Ce que permet le web en fin de compte c’est d’aller chercher les gens prêts à croire, là où ils sont. Google est un moteur de recherche, mais aussi un moteur de rencontre entre des idées folles et des gens qui les cherchent  ! C’est une sorte de confessionnal magique auquel on confie nos pensées et nos envies les plus intimes, et qui va nous aider à trouver le récit qui nous convient le mieux. Les bulles filtrantes sont aussi des bulles de croyances. A partir de là, l’émergence des technologies complexes comme les algorithmes favorise paradoxalement l’apparition de nouvelles croyances  : sur TikTok par exemple on voit apparaître un mouvement religieux lié au manifesting, un corpus de croyance lié aux lois de l’attraction selon lesquelles, toutes nos pensées modifient la réalité. Le tiktokeur William Knight est en l’exemple le plus connu. Il démarre toutes ses vidéos en disant qu’il n’y a pas de hasard et que ce sont les lois de l’attraction, via l’algorithme de recommandation de TikTok qui a emmené les viewers jusqu’à lui. En somme, les algorithmes deviennent les alliés de la pensée magique  !

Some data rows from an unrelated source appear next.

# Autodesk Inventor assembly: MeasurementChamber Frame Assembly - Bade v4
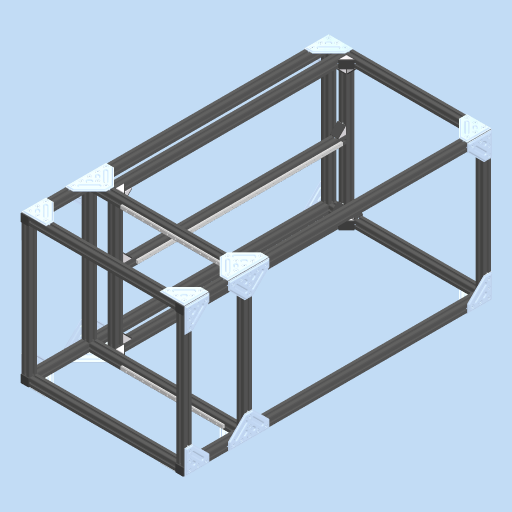
[picture p0: Inventor's stored thumbnail of the model, 512x512]
Saved by Autodesk Inventor 2023.2 (Build 272271000, 271)
## iProperties
Created: 2023-11-22
Part Number: MeasurementChamber Frame Assembly - Bade v4
Document SubType Name: Assembly
Designer: Nils Bade
Author: Nils Bade
## Documents named in this file (16)
- C:\Users\nilsb\Documents\Inventor\Projektarbeit-Bade\ITEM\ITEM Frame Assembly - Bade v1.iam
- ITEM Frame Assembly - Bade v1.iam
- C:\Users\nilsb\Documents\Inventor\Projektarbeit-Bade\ITEM\4040 Profile\ITEM T-SLOT 4040 715mm.ipt
- C:\Users\nilsb\Documents\Inventor\Projektarbeit-Bade\ITEM\4040 Profile\ITEM T-SLOT 4040 1500mm.ipt
- C:\Users\nilsb\Documents\Inventor\Projektarbeit-Bade\ITEM\4040 Profile\ITEM T-SLOT 4040 640mm.ipt
- C:\Users\nilsb\Documents\Inventor\Projektarbeit-Bade\ITEM\4040 Profile\ITEM T-SLOT 4040 1127mm.ipt
- C:\Users\nilsb\Documents\Inventor\Projektarbeit-Bade\ITEM\4040 Profile\ITEM T-SLOT 4040 1087mm.ipt
- C:\Users\nilsb\Documents\Inventor\Projektarbeit-Bade\ITEM\ITEM_41115_Winkelsatz_90er.iam
- C:\Users\nilsb\Documents\Inventor\Projektarbeit-Bade\ITEM\ITEM_0070805_T-Knotenblechsatz 8 40 200x120.ipt
- ITEM_0070805_T-Knotenblechsatz 8 40 200x120.ipt
- C:\Users\nilsb\Documents\Inventor\Projektarbeit-Bade\ITEM\ITEM_0070802_90erKnotenblechsatz 8 40 120x120.ipt
- C:\Users\nilsb\Documents\Inventor\Projektarbeit-Bade\ITEM\ITEM_0070805_T-Knotenblechsatz 8 40 200x120_MIR.ipt
- C:\Users\nilsb\Documents\Inventor\Projektarbeit-Bade\ITEM\ITEM_0070802_90erKnotenblechsatz 8 40 120x120_MIR.ipt
- C:\Users\nilsb\Documents\Inventor\Projektarbeit-Bade\RatRig_modified\MGN15 Linear Rail 1000mm - 4040 Assembly.iam
- C:\Users\nilsb\Documents\Inventor\Projektarbeit-Bade\RatRig_modified\MGN15 Linear Rail 500mm - 4040 Assembly.iam
- C:\Users\nilsb\Documents\Inventor\Projektarbeit-Bade\ITEM\ITEM_Abdeckkappe-40x40-schw_2601.ipt
## Components (66 placed, 13 different names)
1. ITEM T-SLOT 4040 1500mm:1 — Passend:162, Passend:163, Fluchtend:165, Passend:165, Fluchtend:19, Fluchtend:20, Passend:174, Fluchtend:166, Fluchtend:195, Passend:192, Passend:225, Passend:226, Passend:227, Passend:228, Passend:232, Passend:233, Passend:234, Passend:246, Passend:247, Passend:249, Passend:250, Passend:265, Fluchtend:267, Fluchtend:268
2. ITEM T-SLOT 4040 1500mm:2 — Passend:166, Passend:167, Passend:168, Fluchtend:167, Fluchtend:171, Passend:183, Passend:185, Fluchtend:188, Fluchtend:228, Passend:223, Passend:229, Passend:230, Fluchtend:233, Passend:238, Fluchtend:235, Passend:240, Passend:242, Passend:257, Fluchtend:259, Passend:262, Fluchtend:261, Fluchtend:262, Passend:263
3. ITEM T-SLOT 4040 1500mm:3 — Fluchtend:168, Passend:176, Passend:178, Passend:181, Fluchtend:193, Passend:190, Fluchtend:196, Fluchtend:200, Passend:266, Fluchtend:265, Fluchtend:266
4. ITEM T-SLOT 4040 1500mm:4 — Passend:177, Fluchtend:169, Passend:179, Fluchtend:170, Passend:184, Fluchtend:186, Fluchtend:187, Fluchtend:189, Passend:186, Fluchtend:197, Fluchtend:198, Passend:191, Fluchtend:201, Passend:193, Symmetrie:1, Fluchtend:238, Passend:256, Fluchtend:263, Fluchtend:264, Passend:264
5. ITEM T-SLOT 4040 715mm:1 — Passend:165, Fluchtend:19, Fluchtend:20, Passend:168, Passend:172, Passend:173, Fluchtend:194, Passend:188, Fluchtend:207, Fluchtend:210, Fluchtend:215, Passend:200, Passend:201, Fluchtend:236, Fluchtend:237
6. ITEM T-SLOT 4040 715mm:2 — Passend:180, Fluchtend:170, Passend:181, Passend:187, Fluchtend:206, Fluchtend:211, Passend:209, Fluchtend:219, Passend:212
7. ITEM T-SLOT 4040 715mm:3 — Fluchtend:171, Passend:182, Passend:183, Passend:231, Passend:236, Passend:237
8. ITEM T-SLOT 4040 715mm:4 — Passend:184, Fluchtend:186, Fluchtend:187
9. ITEM T-SLOT 4040 715mm:5 — Passend:185, Fluchtend:188, Fluchtend:190, Passend:195, Passend:216, Fluchtend:227, Passend:224, Fluchtend:229
10. ITEM T-SLOT 4040 715mm:6 — Fluchtend:189, Passend:186, Fluchtend:190, Passend:189, Fluchtend:199, Fluchtend:202, Passend:222
11. ITEM T-SLOT 4040 640mm:1 — Passend:171, Passend:172, Fluchtend:167, Passend:175, Fluchtend:169, Passend:179, Fluchtend:205, Fluchtend:212, Fluchtend:213, Passend:241, Passend:243
12. ITEM T-SLOT 4040 640mm:2 — Passend:170, Passend:173, Passend:175, Fluchtend:191, Fluchtend:192, Fluchtend:209, Fluchtend:214, Passend:202, Fluchtend:216, Passend:203, Fluchtend:217, Passend:205, Fluchtend:218, Passend:207, Passend:208, Fluchtend:220, Fluchtend:221
13. ITEM T-SLOT 4040 640mm:3 — Passend:169, Passend:174, Fluchtend:166, Passend:178, Passend:248
14. ITEM T-SLOT 4040 640mm:4 — Passend:194, Passend:195, Fluchtend:203, Fluchtend:208, Passend:215, Passend:217, Passend:219, Fluchtend:225
15. ITEM T-SLOT 4040 640mm:5 — Fluchtend:199, Fluchtend:200, Passend:192
16. ITEM T-SLOT 4040 640mm:6 — Fluchtend:201, Passend:193, Fluchtend:202, Fluchtend:231
17. ITEM T-SLOT 4040 640mm:7 — Fluchtend:197, Fluchtend:198, Passend:191, Fluchtend:234, Passend:239
18. ITEM T-SLOT 4040 640mm:8 — Fluchtend:195, Passend:190, Fluchtend:196, Fluchtend:232, Passend:235
19. ITEM T-SLOT 4040 1127mm:2 — Fluchtend:192, Fluchtend:193, Passend:187, Passend:189, Passend:210, Passend:211, Passend:220, Passend:221, Fluchtend:226
20. ITEM T-SLOT 4040 1127mm:1 — Fluchtend:191, Fluchtend:194, Passend:188, Passend:194, Fluchtend:203, Passend:199, Passend:204, Passend:213, Passend:214, Fluchtend:222, Fluchtend:223
21. ITEM T-SLOT 4040 1087mm:1 — Passend:206, Passend:218, Fluchtend:224, Passend:254, Passend:255
22. ITEM_Abdeckkappe-40x40-schw_2601:1 — Fluchtend:261, Fluchtend:262, Passend:263
23. ITEM_Abdeckkappe-40x40-schw_2601:2 — Fluchtend:263, Fluchtend:264, Passend:264
24. ITEM_Abdeckkappe-40x40-schw_2601:3 — Passend:265, Fluchtend:267, Fluchtend:268
25. ITEM_Abdeckkappe-40x40-schw_2601:4 — Passend:266, Fluchtend:265, Fluchtend:266
26. ITEM_41115_Winkelsatz_90er:1 [sub-assembly] — Fluchtend:215, Passend:199, Passend:200
27. ITEM_41115_Winkelsatz_90er:2 [sub-assembly] — Passend:203, Fluchtend:217, Passend:204
28. ITEM_41115_Winkelsatz_90er:3 [sub-assembly] — Passend:201, Passend:202, Fluchtend:216
29. ITEM_41115_Winkelsatz_90er:4 [sub-assembly] — Passend:205, Passend:206, Fluchtend:218
30. ITEM_41115_Winkelsatz_90er:5 [sub-assembly] — Passend:207, Fluchtend:220, Passend:211
31. ITEM_41115_Winkelsatz_90er:6 [sub-assembly] — Passend:208, Fluchtend:221, Passend:212
32. ITEM_41115_Winkelsatz_90er:7 [sub-assembly] — Passend:209, Passend:210, Fluchtend:219
33. ITEM_41115_Winkelsatz_90er:8 [sub-assembly] — Passend:213, Fluchtend:223, Passend:216
34. ITEM_41115_Winkelsatz_90er:9 [sub-assembly] — Passend:214, Passend:215, Fluchtend:222
35. ITEM_41115_Winkelsatz_90er:10 [sub-assembly] — Passend:217, Passend:218, Fluchtend:224
36. ITEM_41115_Winkelsatz_90er:11 [sub-assembly] — Passend:219, Passend:220, Fluchtend:225
37. ITEM_41115_Winkelsatz_90er:12 [sub-assembly] — Passend:221, Passend:222, Fluchtend:226
38. ITEM_0070805_T-Knotenblechsatz 8 40 200x120:1 — Passend:224, Passend:225, Passend:226
39. ITEM_0070805_T-Knotenblechsatz 8 40 200x120:2 — Fluchtend:227, Fluchtend:228, Passend:223
40. ITEM_0070805_T-Knotenblechsatz 8 40 200x120:3 — Fluchtend:229, Passend:227, Passend:228
41. ITEM_0070805_T-Knotenblechsatz 8 40 200x120:4 — Passend:229, Fluchtend:231, Passend:230
42. ITEM_0070802_90erKnotenblechsatz 8 40 120x120:1 — Passend:231, Passend:232, Passend:233
43. ITEM_0070802_90erKnotenblechsatz 8 40 120x120:2 — Passend:234, Fluchtend:232, Passend:235
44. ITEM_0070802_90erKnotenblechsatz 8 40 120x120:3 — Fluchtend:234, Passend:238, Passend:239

Dans votre roman, plusieurs personnages finissent par sortir de la secte. On a envie de vous demander ce qu’on peut faire pour aider des gens qui ont plongé dans des dérives sectaires sur les réseaux ?

Q. B.-F.  : Il y a une idée tenace sur le profil des victimes de dérives sectaires  : les adeptes seraient forcément des « simples d’esprits » et des « gens vulnérables ». Si c’était le cas, pourquoi le phénomène serait-il si persistant, y compris aujourd’hui à l’ère des technologies ? Ce que j’ai vu en me plongeant dans l’histoire d’Heaven’s Gate, c’est qu’il s’agit avant tout de personnes idéalistes et résilientes qui rêvent de se dévouer à une cause. Ils s’enferment dans des fictions qui paraissent invraisemblables ou complotistes parce qu’ils sont persuadés que ce combat ou cette nouvelle manière de vivre est la chose la plus positive qu’ils auront fait dans leur vie. Mais alors comment fait-on pour sortir ces gens-là d’une fiction comme celle-ci, alors même qu’ils s’engagent dans une lutte qu’ils voient comme nécessaires et salutaires ?

Dans les décennies d’existence d’Heaven’s Gate, il y a une personne qui s’appelle Frank qui est sortie grâce à une main tendue. Concrètement, la secte le faisait travailler pour financer le groupe, et sa patronne est venue le voir  : elle lui a confié un projet en lui disant qu’elle croyait en lui et qu’elle le trouvait très créatif. Cette confiance a fissuré le récit mis en place par la secte qui lui avait bien fait comprendre qu’en dehors du groupe, la société le rejetait et le détestait. La plupart des rescapés de Heaven’s Gates sont des gens qui ont trouvé ces mains tendues pour revenir dans la réalité. En fin de compte, ce que cela nous montre, c’est qu’une société ne tient pas uniquement parce que nous avons tous la même conception du monde, mais aussi parce que nous voulons vivre ensemble. Face à la fragmentation du croire, accélérée par des milliers de bulles filtrantes sur les réseaux, il faut répondre par une utopie comme celle-là, je pense que nous en avons besoin.